Butcher's Union Co. v. Crescent City Co., 111 U.S. 746 (1883)
“It has been well said that 'the property which every man has in his own labor, as it is the original foundation of all other property, so it is the most sacred and inviolable. The patrimony of the poor man lies in the strength and dexterity of his own hands, and to hinder his employing this strength and dexterity in what manner he thinks proper, without injury to his neighbor, is a plain violation of this most sacred property’.”
And…
Coppage v. Kansas, 236 U.S. 1 (1915)
”Included in the right of personal liberty and the right of private property- partaking of the nature of each- is the right to make contracts for the acquisition of property.

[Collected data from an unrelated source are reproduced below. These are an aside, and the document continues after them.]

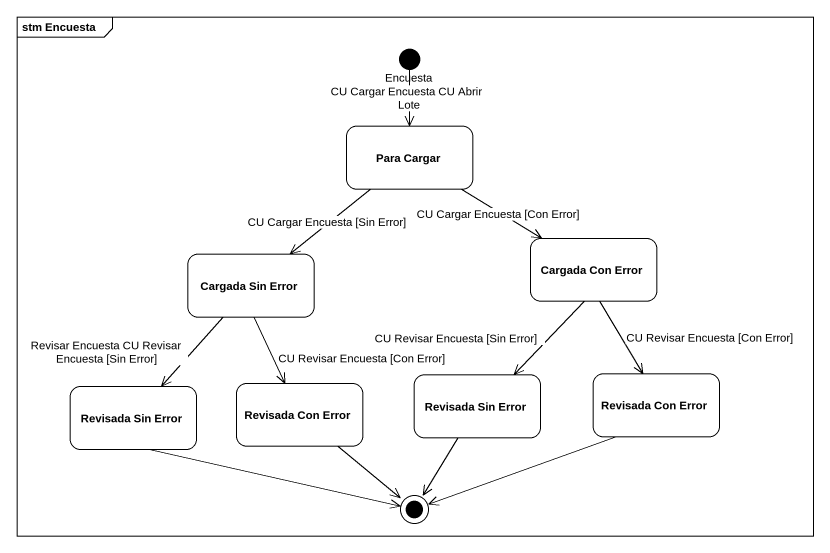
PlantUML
@startuml
mainframe stm Encuesta
hide empty description
state Encuesta <<start>>
state "Para Cargar" as Para_Cargar
state "Cargada Sin Error" as Cargada_Sin_Error
state "Cargada Con Error" as Cargada_Con_Error
state "Revisada Sin Error" as Revisada_Sin_Error
state "Revisada Con Error" as Revisada_Con_Error
state "Revisada Sin Error" as Revisada_Sin_Error_2
state "Revisada Con Error" as Revisada_Con_Error_2
Encuesta --> Para_Cargar : CU Cargar Encuesta CU Abrir Lote
Para_Cargar --> Cargada_Sin_Error : CU Cargar Encuesta [Sin Error]
Para_Cargar --> Cargada_Con_Error : CU Cargar Encuesta [Con Error]
Cargada_Sin_Error --> Revisada_Sin_Error : Revisar Encuesta CU Revisar Encuesta [Sin Error]
Cargada_Sin_Error --> Revisada_Con_Error : CU Revisar Encuesta [Con Error]
Cargada_Con_Error --> Revisada_Sin_Error_2 : CU Revisar Encuesta [Sin Error]
Cargada_Con_Error --> Revisada_Con_Error_2 : CU Revisar Encuesta [Con Error]
Revisada_Sin_Error -right-> [*]
Revisada_Con_Error --> [*]
Revisada_Sin_Error_2 --> [*]
Revisada_Con_Error_2 -left-> [*]
@enduml

Chief among such contracts is that of personal employment, by which labor and other services are exchanged for money or other forms of property”
I think that should about cover shooting down any of your opinions thus far. Your opinions never really had merit to begin with, I just wanted to point it out with supporting documentation. Your ill conceived notions on how taxing wages works, is understandable. After all, the understanding has been hidden away by your buddies at the IRS and miscreants in congress for a long, long time.
Again, I’m here with an open mind. The feeling must be mutual on your part, or we will never gain ground. Please support your opinions with law that directly relates to that opinion. If you cannot provide the laws or rulings by SCOTUS, I have no choice but to ignore your opinion as it is not backed by law. I’m here to listen as I said, unsupported information is useless to me. Actually, it is useless information to anyone.
One more thing before I go, I want to let each of you know that none of this is meant as a personal attack. Everything I say or present here, is only intended to attack information...not people. If this post offends anyone, please try to understand that it was not intended as a personal attack.